Я хотел поцеловать ее, а она отворачивалась, и я все время думал, что сейчас она вырвется и я поцелую ухо или подбородок, и это будет самое ужасное. Все это мелькало в моей голове со страшной быстротой. Но все-таки я поцеловал ее в губы. Да, это было так. Потом выпустил ее. Она сказала:
- Ну и ну! Смел, нечего сказать! Ступайте. Подождите на улице.
Я шел по коридору, и все, кого я встречал по пути, казались мне красивыми и добрыми, даже этот новый гусак в лосинах, поступивший к нам не иначе как в поисках брони, артист на роли молодых подлецов, фашистов и разных дантесов. Совершенно одуревший, я вышел на улицу. Стал ждать Валю и дождался ее. Она прошла мимо и процедила сквозь зубы:
- Перейдите на ту сторону и сверните налево...

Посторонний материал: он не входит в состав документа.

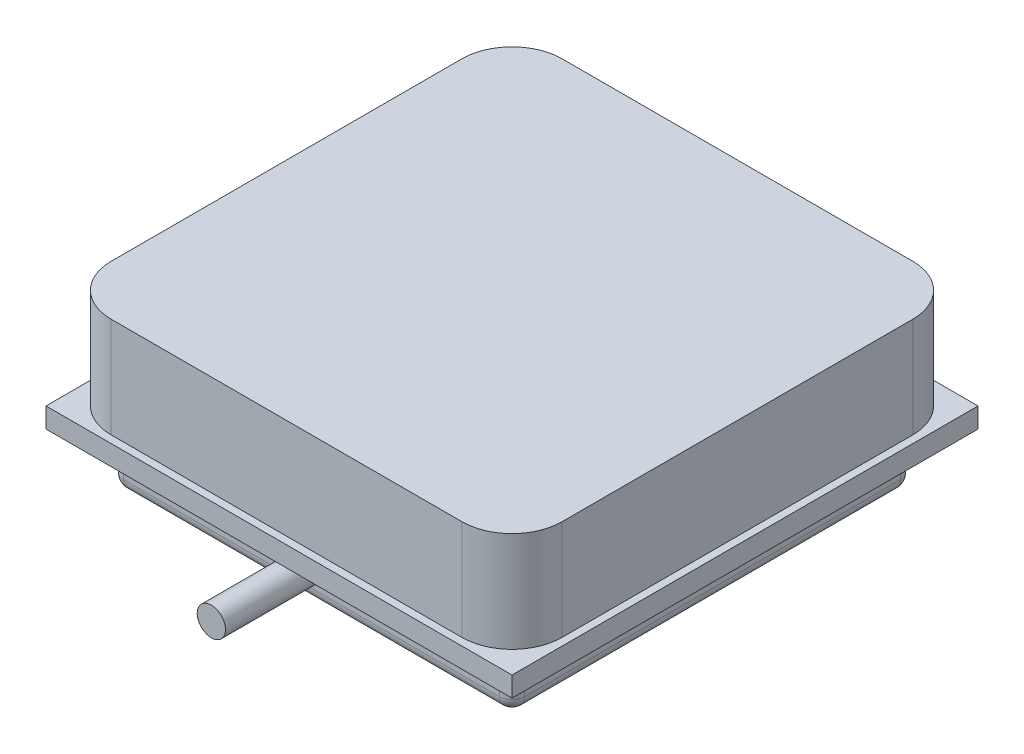
ISO-10303-21;
HEADER;
FILE_DESCRIPTION(('STEP AP214'),'2;1');
FILE_NAME('part.step','',(''),(''),'','','');
FILE_SCHEMA(('AUTOMOTIVE_DESIGN { 1 0 10303 214 1 1 1 1 }'));
ENDSEC;
DATA;
#1=APPLICATION_CONTEXT('core data for automotive mechanical design processes');
#2=APPLICATION_PROTOCOL_DEFINITION('international standard','automotive_design',2000,#1);
#3=PRODUCT_CONTEXT('',#1,'mechanical');
#4=PRODUCT('Part','Part','',(#3));
#5=PRODUCT_RELATED_PRODUCT_CATEGORY('part','',(#4));
#6=PRODUCT_DEFINITION_FORMATION('','',#4);
#7=PRODUCT_DEFINITION_CONTEXT('part definition',#1,'design');
#8=PRODUCT_DEFINITION('design','',#6,#7);
#9=PRODUCT_DEFINITION_SHAPE('','',#8);
#10=(LENGTH_UNIT() NAMED_UNIT(*) SI_UNIT(.MILLI.,.METRE.));
#11=(NAMED_UNIT(*) PLANE_ANGLE_UNIT() SI_UNIT($,.RADIAN.));
#12=(NAMED_UNIT(*) SI_UNIT($,.STERADIAN.) SOLID_ANGLE_UNIT());
#13=UNCERTAINTY_MEASURE_WITH_UNIT(LENGTH_MEASURE(1.E-05),#10,'distance_accuracy_value','');
#14=(GEOMETRIC_REPRESENTATION_CONTEXT(3) GLOBAL_UNCERTAINTY_ASSIGNED_CONTEXT((#13)) GLOBAL_UNIT_ASSIGNED_CONTEXT((#10,
#11,#12)) REPRESENTATION_CONTEXT('',''));
#15=CARTESIAN_POINT('',(0.,0.,0.));
#16=DIRECTION('',(0.,0.,1.));
#17=DIRECTION('',(1.,0.,0.));
#18=AXIS2_PLACEMENT_3D('',#15,#16,#17);
#19=CARTESIAN_POINT('',(0.,0.,0.));
#20=DIRECTION('',(0.,1.,0.));
#21=DIRECTION('',(0.,0.,1.));
#22=AXIS2_PLACEMENT_3D('',#19,#20,#21);
#23=PLANE('',#22);
#24=DIRECTION('',(0.,0.,-1.));
#25=VECTOR('',#24,1.);
#26=CARTESIAN_POINT('',(9.3,0.,-9.3));
#27=LINE('',#26,#25);
#28=CARTESIAN_POINT('',(9.3,0.,9.3));
#29=VERTEX_POINT('',#28);
#30=CARTESIAN_POINT('',(9.3,0.,-9.3));
#31=VERTEX_POINT('',#30);
#32=EDGE_CURVE('E217',#29,#31,#27,.T.);
#33=ORIENTED_EDGE('',*,*,#32,.F.);
#34=DIRECTION('',(1.,0.,0.));
#35=VECTOR('',#34,1.);
#36=CARTESIAN_POINT('',(-9.3,0.,9.3));
#37=LINE('',#36,#35);
#38=CARTESIAN_POINT('',(-9.3,0.,9.3));
#39=VERTEX_POINT('',#38);
#40=EDGE_CURVE('E213',#39,#29,#37,.T.);
#41=ORIENTED_EDGE('',*,*,#40,.F.);
#42=DIRECTION('',(0.,0.,1.));
#43=VECTOR('',#42,1.);
#44=CARTESIAN_POINT('',(-9.3,0.,-9.3));
#45=LINE('',#44,#43);
#46=CARTESIAN_POINT('',(-9.3,0.,-9.3));
#47=VERTEX_POINT('',#46);
#48=EDGE_CURVE('E444',#47,#39,#45,.T.);
#49=ORIENTED_EDGE('',*,*,#48,.F.);
#50=DIRECTION('',(-1.,0.,0.));
#51=VECTOR('',#50,1.);
#52=CARTESIAN_POINT('',(-9.3,0.,-9.3));
#53=LINE('',#52,#51);
#54=EDGE_CURVE('E441',#31,#47,#53,.T.);
#55=ORIENTED_EDGE('',*,*,#54,.F.);
#56=EDGE_LOOP('',(#33,#41,#49,#55));
#57=FACE_BOUND('',#56,.T.);
#58=DIRECTION('',(0.,0.,1.));
#59=VECTOR('',#58,1.);
#60=CARTESIAN_POINT('',(8.,0.,8.));
#61=LINE('',#60,#59);
#62=CARTESIAN_POINT('',(8.,0.,-7.5));
#63=VERTEX_POINT('',#62);
#64=CARTESIAN_POINT('',(8.,0.,7.5));
#65=VERTEX_POINT('',#64);
#66=EDGE_CURVE('E381',#63,#65,#61,.T.);
#67=ORIENTED_EDGE('',*,*,#66,.F.);
#68=CARTESIAN_POINT('',(7.5,0.,-7.5));
#69=DIRECTION('',(0.,1.,0.));
#70=DIRECTION('',(0.,0.,1.));
#71=AXIS2_PLACEMENT_3D('',#68,#69,#70);
#72=CIRCLE('',#71,0.5);
#73=CARTESIAN_POINT('',(7.5,0.,-8.));
#74=VERTEX_POINT('',#73);
#75=EDGE_CURVE('E328',#63,#74,#72,.T.);
#76=ORIENTED_EDGE('',*,*,#75,.T.);
#77=DIRECTION('',(1.,0.,0.));
#78=VECTOR('',#77,1.);
#79=CARTESIAN_POINT('',(-8.,0.,-8.));
#80=LINE('',#79,#78);
#81=CARTESIAN_POINT('',(-7.5,0.,-8.));
#82=VERTEX_POINT('',#81);
#83=EDGE_CURVE('E398',#82,#74,#80,.T.);
#84=ORIENTED_EDGE('',*,*,#83,.F.);
#85=CARTESIAN_POINT('',(-7.5,0.,-7.5));
#86=DIRECTION('',(0.,1.,0.));
#87=DIRECTION('',(0.,0.,1.));
#88=AXIS2_PLACEMENT_3D('',#85,#86,#87);
#89=CIRCLE('',#88,0.5);
#90=CARTESIAN_POINT('',(-8.,0.,-7.5));
#91=VERTEX_POINT('',#90);
#92=EDGE_CURVE('E325',#82,#91,#89,.T.);
#93=ORIENTED_EDGE('',*,*,#92,.T.);
#94=DIRECTION('',(0.,0.,-1.));
#95=VECTOR('',#94,1.);
#96=CARTESIAN_POINT('',(-8.,0.,8.));
#97=LINE('',#96,#95);
#98=CARTESIAN_POINT('',(-8.,0.,7.5));
#99=VERTEX_POINT('',#98);
#100=EDGE_CURVE('E391',#99,#91,#97,.T.);
#101=ORIENTED_EDGE('',*,*,#100,.F.);
#102=CARTESIAN_POINT('',(-7.5,0.,7.5));
#103=DIRECTION('',(0.,1.,0.));
#104=DIRECTION('',(0.,0.,1.));
#105=AXIS2_PLACEMENT_3D('',#102,#103,#104);
#106=CIRCLE('',#105,0.5);
#107=CARTESIAN_POINT('',(-7.5,0.,8.));
#108=VERTEX_POINT('',#107);
#109=EDGE_CURVE('E50',#99,#108,#106,.T.);
#110=ORIENTED_EDGE('',*,*,#109,.T.);
#111=DIRECTION('',(-1.,0.,0.));
#112=VECTOR('',#111,1.);
#113=CARTESIAN_POINT('',(-8.,0.,8.));
#114=LINE('',#113,#112);
#115=CARTESIAN_POINT('',(7.5,0.,8.));
#116=VERTEX_POINT('',#115);
#117=EDGE_CURVE('E386',#116,#108,#114,.T.);
#118=ORIENTED_EDGE('',*,*,#117,.F.);
#119=CARTESIAN_POINT('',(7.5,0.,7.5));
#120=DIRECTION('',(0.,1.,0.));
#121=DIRECTION('',(0.,0.,1.));
#122=AXIS2_PLACEMENT_3D('',#119,#120,#121);
#123=CIRCLE('',#122,0.5);
#124=EDGE_CURVE('E331',#116,#65,#123,.T.);
#125=ORIENTED_EDGE('',*,*,#124,.T.);
#126=EDGE_LOOP('',(#67,#76,#84,#93,#101,#110,#118,#125));
#127=FACE_BOUND('',#126,.T.);
#128=ADVANCED_FACE('F41',(#57,#127),#23,.F.);
#129=CARTESIAN_POINT('',(9.3,0.8,-9.3));
#130=DIRECTION('',(-1.,0.,0.));
#131=DIRECTION('',(0.,0.,1.));
#132=AXIS2_PLACEMENT_3D('',#129,#130,#131);
#133=PLANE('',#132);
#134=ORIENTED_EDGE('',*,*,#32,.T.);
#135=DIRECTION('',(0.,-1.,0.));
#136=VECTOR('',#135,1.);
#137=CARTESIAN_POINT('',(9.3,0.8,-9.3));
#138=LINE('',#137,#136);
#139=CARTESIAN_POINT('',(9.3,0.8,-9.3));
#140=VERTEX_POINT('',#139);
#141=EDGE_CURVE('E195',#140,#31,#138,.T.);
#142=ORIENTED_EDGE('',*,*,#141,.F.);
#143=DIRECTION('',(0.,0.,-1.));
#144=VECTOR('',#143,1.);
#145=CARTESIAN_POINT('',(9.3,0.8,-9.3));
#146=LINE('',#145,#144);
#147=CARTESIAN_POINT('',(9.3,0.8,9.3));
#148=VERTEX_POINT('',#147);
#149=EDGE_CURVE('E203',#148,#140,#146,.T.);
#150=ORIENTED_EDGE('',*,*,#149,.F.);
#151=DIRECTION('',(0.,-1.,0.));
#152=VECTOR('',#151,1.);
#153=CARTESIAN_POINT('',(9.3,0.8,9.3));
#154=LINE('',#153,#152);
#155=EDGE_CURVE('E438',#148,#29,#154,.T.);
#156=ORIENTED_EDGE('',*,*,#155,.T.);
#157=EDGE_LOOP('',(#134,#142,#150,#156));
#158=FACE_BOUND('',#157,.T.);
#159=ADVANCED_FACE('F215',(#158),#133,.F.);
#160=CARTESIAN_POINT('',(-9.3,0.8,-9.3));
#161=DIRECTION('',(0.,0.,1.));
#162=DIRECTION('',(1.,0.,0.));
#163=AXIS2_PLACEMENT_3D('',#160,#161,#162);
#164=PLANE('',#163);
#165=ORIENTED_EDGE('',*,*,#54,.T.);
#166=DIRECTION('',(0.,-1.,0.));
#167=VECTOR('',#166,1.);
#168=CARTESIAN_POINT('',(-9.3,0.8,-9.3));
#169=LINE('',#168,#167);
#170=CARTESIAN_POINT('',(-9.3,0.8,-9.3));
#171=VERTEX_POINT('',#170);
#172=EDGE_CURVE('E198',#171,#47,#169,.T.);
#173=ORIENTED_EDGE('',*,*,#172,.F.);
#174=DIRECTION('',(-1.,0.,0.));
#175=VECTOR('',#174,1.);
#176=CARTESIAN_POINT('',(-9.3,0.8,-9.3));
#177=LINE('',#176,#175);
#178=EDGE_CURVE('E191',#140,#171,#177,.T.);
#179=ORIENTED_EDGE('',*,*,#178,.F.);
#180=ORIENTED_EDGE('',*,*,#141,.T.);
#181=EDGE_LOOP('',(#165,#173,#179,#180));
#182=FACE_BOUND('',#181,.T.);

Я опять молчаливо покорился ей, пошел на ту сторону и свернул, догнал ее в темном переулке с подслеповатыми фонарями. И тут она подхватила меня под руку и прижалась ко мне.
Дома у себя такая она была веселая и простая, что даже странно было, почему ее в театре называют стервой...
- Вы мой поклонник? - сказала она.
Я сказал:
- Это какое-то не такое слово. Поклонник это ерунда...
Она поправилась:
- Я имею в виду, ну, знаете, - театральный поклонник! Болельщик... Вам нравится смотреть меня на сцене?
- Я всегда смотрю вас.
- Я знаю... Я всегда вас вижу. Ага, думаю, хроменький опять здесь.
У меня застучало в висках.
- Над этим не смеются.
Она отошла еще дальше.
- Байрон был хромым... Вы знаете, о ком я говорю?..
Я встал.
- "Прощай, прощай, и если навсегда, то навсегда прощай..."
- Ого, - сказала она, - смотри-ка - интеллектушко! Не уходите... Тем более что, по-моему, вы и еще кое-чем похожи на Байрона.
- Чем же?
Она сказала тихо и внятно:
- Байрон тоже был красивый... Вот что: после всех ваших безумств там в театре нам ничего не остается другого, нам нужно выпить на брудершафт.
Я подошел к ней. Мы переплели наши руки и выпили.
И она поцеловала меня, а я ее... Трудно про это вспоминать.
А в ту ночь на дворе стоял май, я был совсем молодой, и я шел по моей прекрасной Москве. И все-таки не было полного счастья во мне. Не знаю почему. Впрочем, к чему же притворяться, - знаю. Прекрасно знаю.
Я все это понял много дней спустя. Я как-то лежал у себя на кровати, в окно начинал входить рассвет, и я вдруг подумал, что тогда, в первый вечер, она боялась пойти со мной рядом. Потом я подумал: а почему же она в театре никогда не разговаривает со мной, виду не подает, что любит меня? Ведь она же не замужем.